Ternyata kejadian yang dialami Suwoto dan Suwarti itu tidak dirasakan oleh anaknya, Qomsiatun. Hal ini pernah diungkapkan Qomsiatun kepada para tetangganya. Oleh karena itu, para tetangga yang menganggap sikap Suwoto dan Suwarti aneh, mengusahakan berbagai penyembuhan meski tidak membuahkan hasil.
selain kasus diatas ada pula contoh kasus lain seperti :
- Modus pembunuhan empat orang anak oleh ibu kandungnya di Kota Malang, Jawa Timur, merupakan manifestasi sakitnya jiwa bangsa ini. Akar penyebab bunuh diri keluarga tidak semata-mata karena impitan ekonomi, namun sudah menyangkut betapa rapuh kesehatan jiwa keluarga di negeri ini.Bunuh diri keluarga yang merenggut nyawa anak-anak yang tidak berdosa berpangkal dari persoalan orangtuanya.
Pada saat ini kondisi orangtua yang mengidap sakit jiwa atau mengalami gangguan kejiwaan namun tidak dipahami lingkungannya dan tidak pula mendapatkan penanganan medis, jumlahnya tidak sedikit. Sehingga merupakan efek bola salju sosial yang terus menggelinding dan menimbulkan penderitaan anak-anak yang amat dalam.
Kasus pembunuhan terhadap tiga anak di Kota Bandung oleh ibu kandungnya beberapa waktu lalu dan kasus di Malang tersebut, semakin menyadarkan kita untuk segera mencari bentuk perlindungan anak yang benar-benar efektif. Duka nestapa anak tidak hanya dialami mereka yang berkeliaran di jalanan, ternyata juga dialami mereka yang bernaung di rumah sendiri dengan orangtua berpendidikan cukup.
Betapa sarat penderitaan anak-anak yang orangtuanya menderita sakit jiwa.
Sementara, pranata sosial dan lembaga yang ada belum mampu mengentaskan derita anak tersebut karena berbagai faktor.
Risiko anak yang tinggal satu atap dengan orangtua yang menderita sakit jiwa begitu tinggi dan sangat membahayakan kehidupannya. Mulai dari pertumbuhan jiwa dan raga yang abnormal, hingga harus meregang maut dibunuh orangtuanya.
Menderita Psikosa
Ada beberapa penyebab penyakit jiwa psikosa ini, antara lain terlalu banyak masalah atau karena faktor keturunan.
Penyakit ini bisa menular pada orang lain yang intens berinteraksi dengan penderita.
Dr G Pandu Setiawan SpKJ, mantan Direktur RSJ Rejimanwedyodiningrat, Kecamatan Lawang-Malang, mengungkapkan bahwa pada intinya psikosa merupakan gangguan kejiwaan yang terkait dengan berkurangnya kemampuan penderita dalam menilai realitas.

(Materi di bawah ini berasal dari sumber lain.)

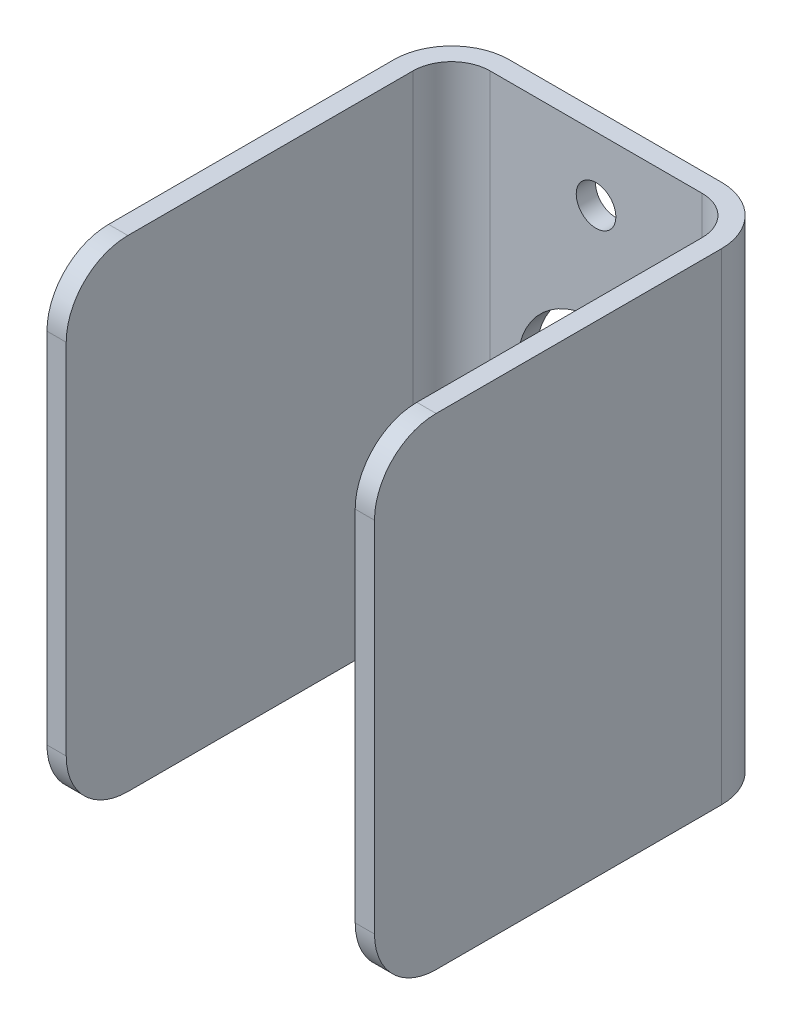
ISO-10303-21;
HEADER;
FILE_DESCRIPTION(('STEP AP214'),'2;1');
FILE_NAME('part.step','',(''),(''),'','','');
FILE_SCHEMA(('AUTOMOTIVE_DESIGN { 1 0 10303 214 1 1 1 1 }'));
ENDSEC;
DATA;
#1=APPLICATION_CONTEXT('core data for automotive mechanical design processes');
#2=APPLICATION_PROTOCOL_DEFINITION('international standard','automotive_design',2000,#1);
#3=PRODUCT_CONTEXT('',#1,'mechanical');
#4=PRODUCT('Part','Part','',(#3));
#5=PRODUCT_RELATED_PRODUCT_CATEGORY('part','',(#4));
#6=PRODUCT_DEFINITION_FORMATION('','',#4);
#7=PRODUCT_DEFINITION_CONTEXT('part definition',#1,'design');
#8=PRODUCT_DEFINITION('design','',#6,#7);
#9=PRODUCT_DEFINITION_SHAPE('','',#8);
#10=(LENGTH_UNIT() NAMED_UNIT(*) SI_UNIT(.MILLI.,.METRE.));
#11=(NAMED_UNIT(*) PLANE_ANGLE_UNIT() SI_UNIT($,.RADIAN.));
#12=(NAMED_UNIT(*) SI_UNIT($,.STERADIAN.) SOLID_ANGLE_UNIT());
#13=UNCERTAINTY_MEASURE_WITH_UNIT(LENGTH_MEASURE(1.E-05),#10,'distance_accuracy_value','');
#14=(GEOMETRIC_REPRESENTATION_CONTEXT(3) GLOBAL_UNCERTAINTY_ASSIGNED_CONTEXT((#13)) GLOBAL_UNIT_ASSIGNED_CONTEXT((#10,
#11,#12)) REPRESENTATION_CONTEXT('',''));
#15=CARTESIAN_POINT('',(0.,0.,0.));
#16=DIRECTION('',(0.,0.,1.));
#17=DIRECTION('',(1.,0.,0.));
#18=AXIS2_PLACEMENT_3D('',#15,#16,#17);
#19=CARTESIAN_POINT('',(19.84375,43.33875,35.7251));
#20=DIRECTION('',(-1.,0.,0.));
#21=DIRECTION('',(0.,0.,1.));
#22=AXIS2_PLACEMENT_3D('',#19,#20,#21);
#23=CYLINDRICAL_SURFACE('',#22,5.08);
#24=CARTESIAN_POINT('',(21.43125,43.33875,35.7251));
#25=DIRECTION('',(-1.,0.,0.));
#26=DIRECTION('',(0.,0.,1.));
#27=AXIS2_PLACEMENT_3D('',#24,#25,#26);
#28=CIRCLE('',#27,5.08);
#29=CARTESIAN_POINT('',(21.43125,43.33875,40.8051));
#30=VERTEX_POINT('',#29);
#31=CARTESIAN_POINT('',(21.43125,48.41875,35.7251));
#32=VERTEX_POINT('',#31);
#33=EDGE_CURVE('E212',#30,#32,#28,.T.);
#34=ORIENTED_EDGE('',*,*,#33,.T.);
#35=DIRECTION('',(-1.,0.,0.));
#36=VECTOR('',#35,1.);
#37=CARTESIAN_POINT('',(19.84375,48.41875,35.7251));
#38=LINE('',#37,#36);
#39=CARTESIAN_POINT('',(19.84375,48.41875,35.7251));
#40=VERTEX_POINT('',#39);
#41=EDGE_CURVE('E138',#32,#40,#38,.T.);
#42=ORIENTED_EDGE('',*,*,#41,.T.);
#43=CARTESIAN_POINT('',(19.84375,43.33875,35.7251));
#44=DIRECTION('',(-1.,0.,0.));
#45=DIRECTION('',(0.,0.,1.));
#46=AXIS2_PLACEMENT_3D('',#43,#44,#45);
#47=CIRCLE('',#46,5.08);
#48=CARTESIAN_POINT('',(19.84375,43.33875,40.8051));
#49=VERTEX_POINT('',#48);
#50=EDGE_CURVE('E254',#49,#40,#47,.T.);
#51=ORIENTED_EDGE('',*,*,#50,.F.);
#52=DIRECTION('',(-1.,0.,0.));
#53=VECTOR('',#52,1.);
#54=CARTESIAN_POINT('',(19.84375,43.33875,40.8051));
#55=LINE('',#54,#53);
#56=EDGE_CURVE('E220',#49,#30,#55,.F.);
#57=ORIENTED_EDGE('',*,*,#56,.T.);
#58=EDGE_LOOP('',(#34,#42,#51,#57));
#59=FACE_BOUND('',#58,.T.);
#60=ADVANCED_FACE('F16',(#59),#23,.T.);
#61=CARTESIAN_POINT('',(19.84375,13.81125,35.7251));
#62=DIRECTION('',(-1.,0.,0.));
#63=DIRECTION('',(0.,0.,1.));
#64=AXIS2_PLACEMENT_3D('',#61,#62,#63);
#65=CYLINDRICAL_SURFACE('',#64,5.08);
#66=CARTESIAN_POINT('',(21.43125,13.81125,35.7251));
#67=DIRECTION('',(-1.,0.,0.));
#68=DIRECTION('',(0.,0.,1.));
#69=AXIS2_PLACEMENT_3D('',#66,#67,#68);
#70=CIRCLE('',#69,5.08);
#71=CARTESIAN_POINT('',(21.43125,8.73125,35.7251));
#72=VERTEX_POINT('',#71);
#73=CARTESIAN_POINT('',(21.43125,13.81125,40.8051));
#74=VERTEX_POINT('',#73);
#75=EDGE_CURVE('E129',#72,#74,#70,.T.);
#76=ORIENTED_EDGE('',*,*,#75,.T.);
#77=DIRECTION('',(-1.,0.,0.));
#78=VECTOR('',#77,1.);
#79=CARTESIAN_POINT('',(19.84375,13.81125,40.8051));
#80=LINE('',#79,#78);
#81=CARTESIAN_POINT('',(19.84375,13.81125,40.8051));
#82=VERTEX_POINT('',#81);
#83=EDGE_CURVE('E137',#74,#82,#80,.T.);
#84=ORIENTED_EDGE('',*,*,#83,.T.);
#85=CARTESIAN_POINT('',(19.84375,13.81125,35.7251));
#86=DIRECTION('',(-1.,0.,0.));
#87=DIRECTION('',(0.,0.,1.));
#88=AXIS2_PLACEMENT_3D('',#85,#86,#87);
#89=CIRCLE('',#88,5.08);
#90=CARTESIAN_POINT('',(19.84375,8.73125,35.7251));
#91=VERTEX_POINT('',#90);
#92=EDGE_CURVE('E132',#91,#82,#89,.T.);
#93=ORIENTED_EDGE('',*,*,#92,.F.);
#94=DIRECTION('',(-1.,0.,0.));
#95=VECTOR('',#94,1.);
#96=CARTESIAN_POINT('',(19.84375,8.73125,35.7251));
#97=LINE('',#96,#95);
#98=EDGE_CURVE('E126',#91,#72,#97,.F.);
#99=ORIENTED_EDGE('',*,*,#98,.T.);
#100=EDGE_LOOP('',(#76,#84,#93,#99));
#101=FACE_BOUND('',#100,.T.);
#102=ADVANCED_FACE('F128',(#101),#65,.T.);
#103=CARTESIAN_POINT('',(19.84375,28.575,40.8051));
#104=DIRECTION('',(0.,0.,-1.));
#105=DIRECTION('',(-1.,0.,0.));
#106=AXIS2_PLACEMENT_3D('',#103,#104,#105);
#107=PLANE('',#106);
#108=DIRECTION('',(0.,1.,0.));
#109=VECTOR('',#108,1.);
#110=CARTESIAN_POINT('',(19.84375,28.575,40.8051));
#111=LINE('',#110,#109);
#112=EDGE_CURVE('E208',#82,#49,#111,.T.);
#113=ORIENTED_EDGE('',*,*,#112,.F.);
#114=ORIENTED_EDGE('',*,*,#83,.F.);
#115=DIRECTION('',(0.,1.,0.));
#116=VECTOR('',#115,1.);
#117=CARTESIAN_POINT('',(21.43125,28.575,40.8051));
#118=LINE('',#117,#116);
#119=EDGE_CURVE('E148',#74,#30,#118,.T.);
#120=ORIENTED_EDGE('',*,*,#119,.T.);
#121=ORIENTED_EDGE('',*,*,#56,.F.);
#122=EDGE_LOOP('',(#113,#114,#120,#121));
#123=FACE_BOUND('',#122,.T.);
#124=ADVANCED_FACE('F273',(#123),#107,.F.);
#125=CARTESIAN_POINT('',(33.3375,43.18,9.0551));
#126=DIRECTION('',(0.,0.,-1.));
#127=DIRECTION('',(-1.,0.,0.));
#128=AXIS2_PLACEMENT_3D('',#125,#126,#127);
#129=CYLINDRICAL_SURFACE('',#128,1.63195);
#130=CARTESIAN_POINT('',(33.3375,43.18,7.4676));
#131=DIRECTION('',(0.,0.,-1.));
#132=DIRECTION('',(-1.,0.,0.));
#133=AXIS2_PLACEMENT_3D('',#130,#131,#132);
#134=CIRCLE('',#133,1.63195);
#135=CARTESIAN_POINT('',(31.70555,43.18,7.4676));
#136=VERTEX_POINT('',#135);
#137=EDGE_CURVE('E205',#136,#136,#134,.T.);
#138=ORIENTED_EDGE('',*,*,#137,.T.);
#139=EDGE_LOOP('',(#138));
#140=FACE_BOUND('',#139,.T.);
#141=CARTESIAN_POINT('',(33.3375,43.18,9.0551));
#142=DIRECTION('',(0.,0.,-1.));
#143=DIRECTION('',(-1.,0.,0.));
#144=AXIS2_PLACEMENT_3D('',#141,#142,#143);
#145=CIRCLE('',#144,1.63195);
#146=CARTESIAN_POINT('',(31.70555,43.18,9.0551));
#147=VERTEX_POINT('',#146);
#148=EDGE_CURVE('E19',#147,#147,#145,.T.);
#149=ORIENTED_EDGE('',*,*,#148,.F.);
#150=EDGE_LOOP('',(#149));
#151=FACE_BOUND('',#150,.T.);
#152=ADVANCED_FACE('F270',(#140,#151),#129,.F.);
#153=CARTESIAN_POINT('',(33.3375,13.97,9.0551));
#154=DIRECTION('',(0.,0.,-1.));
#155=DIRECTION('',(-1.,0.,0.));
#156=AXIS2_PLACEMENT_3D('',#153,#154,#155);
#157=CYLINDRICAL_SURFACE('',#156,1.63195);
#158=CARTESIAN_POINT('',(33.3375,13.97,7.4676));
#159=DIRECTION('',(0.,0.,-1.));
#160=DIRECTION('',(-1.,0.,0.));
#161=AXIS2_PLACEMENT_3D('',#158,#159,#160);
#162=CIRCLE('',#161,1.63195);
#163=CARTESIAN_POINT('',(31.70555,13.97,7.4676));
#164=VERTEX_POINT('',#163);
#165=EDGE_CURVE('E248',#164,#164,#162,.T.);
#166=ORIENTED_EDGE('',*,*,#165,.T.);
#167=EDGE_LOOP('',(#166));
#168=FACE_BOUND('',#167,.T.);
#169=CARTESIAN_POINT('',(33.3375,13.97,9.0551));
#170=DIRECTION('',(0.,0.,-1.));
#171=DIRECTION('',(-1.,0.,0.));
#172=AXIS2_PLACEMENT_3D('',#169,#170,#171);
#173=CIRCLE('',#172,1.63195);
#174=CARTESIAN_POINT('',(31.70555,13.97,9.0551));
#175=VERTEX_POINT('',#174);
#176=EDGE_CURVE('E260',#175,#175,#173,.T.);
#177=ORIENTED_EDGE('',*,*,#176,.F.);
#178=EDGE_LOOP('',(#177));
#179=FACE_BOUND('',#178,.T.);
#180=ADVANCED_FACE('F272',(#168,#179),#157,.F.);
#181=CARTESIAN_POINT('',(33.3375,28.575,9.0551));
#182=DIRECTION('',(0.,0.,-1.));
#183=DIRECTION('',(-1.,0.,0.));
#184=AXIS2_PLACEMENT_3D('',#181,#182,#183);
#185=CYLINDRICAL_SURFACE('',#184,6.477);
#186=CARTESIAN_POINT('',(33.3375,28.575,7.4676));
#187=DIRECTION('',(0.,0.,-1.));
#188=DIRECTION('',(-1.,0.,0.));
#189=AXIS2_PLACEMENT_3D('',#186,#187,#188);
#190=CIRCLE('',#189,6.477);
#191=CARTESIAN_POINT('',(26.8605,28.575,7.4676));
#192=VERTEX_POINT('',#191);
#193=EDGE_CURVE('E202',#192,#192,#190,.T.);
#194=ORIENTED_EDGE('',*,*,#193,.T.);
#195=EDGE_LOOP('',(#194));
#196=FACE_BOUND('',#195,.T.);
#197=CARTESIAN_POINT('',(33.3375,28.575,9.0551));
#198=DIRECTION('',(0.,0.,-1.));
#199=DIRECTION('',(-1.,0.,0.));
#200=AXIS2_PLACEMENT_3D('',#197,#198,#199);
#201=CIRCLE('',#200,6.477);
#202=CARTESIAN_POINT('',(26.8605,28.575,9.0551));
#203=VERTEX_POINT('',#202);
#204=EDGE_CURVE('E216',#203,#203,#201,.T.);
#205=ORIENTED_EDGE('',*,*,#204,.F.);
#206=EDGE_LOOP('',(#205));
#207=FACE_BOUND('',#206,.T.);
#208=ADVANCED_FACE('F281',(#196,#207),#185,.F.);
#209=CARTESIAN_POINT('',(46.83125,28.575,9.0551));
#210=DIRECTION('',(0.,0.,1.));
#211=DIRECTION('',(1.,0.,0.));
#212=AXIS2_PLACEMENT_3D('',#209,#210,#211);
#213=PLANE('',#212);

Akibatnya pasien kerap mengalami halusinasi-halusinasi tertentu yang tidak dirasakan orang secara normal
faktor pencetus yang paling sering muncul adalah adanya masalah berat yang dialami penderita. Masalah berat itu tidak bisa diatasi dan mengendap dalam waktu lama. Sedangkan faktor keturunan kemungkinannya hanya enam persen.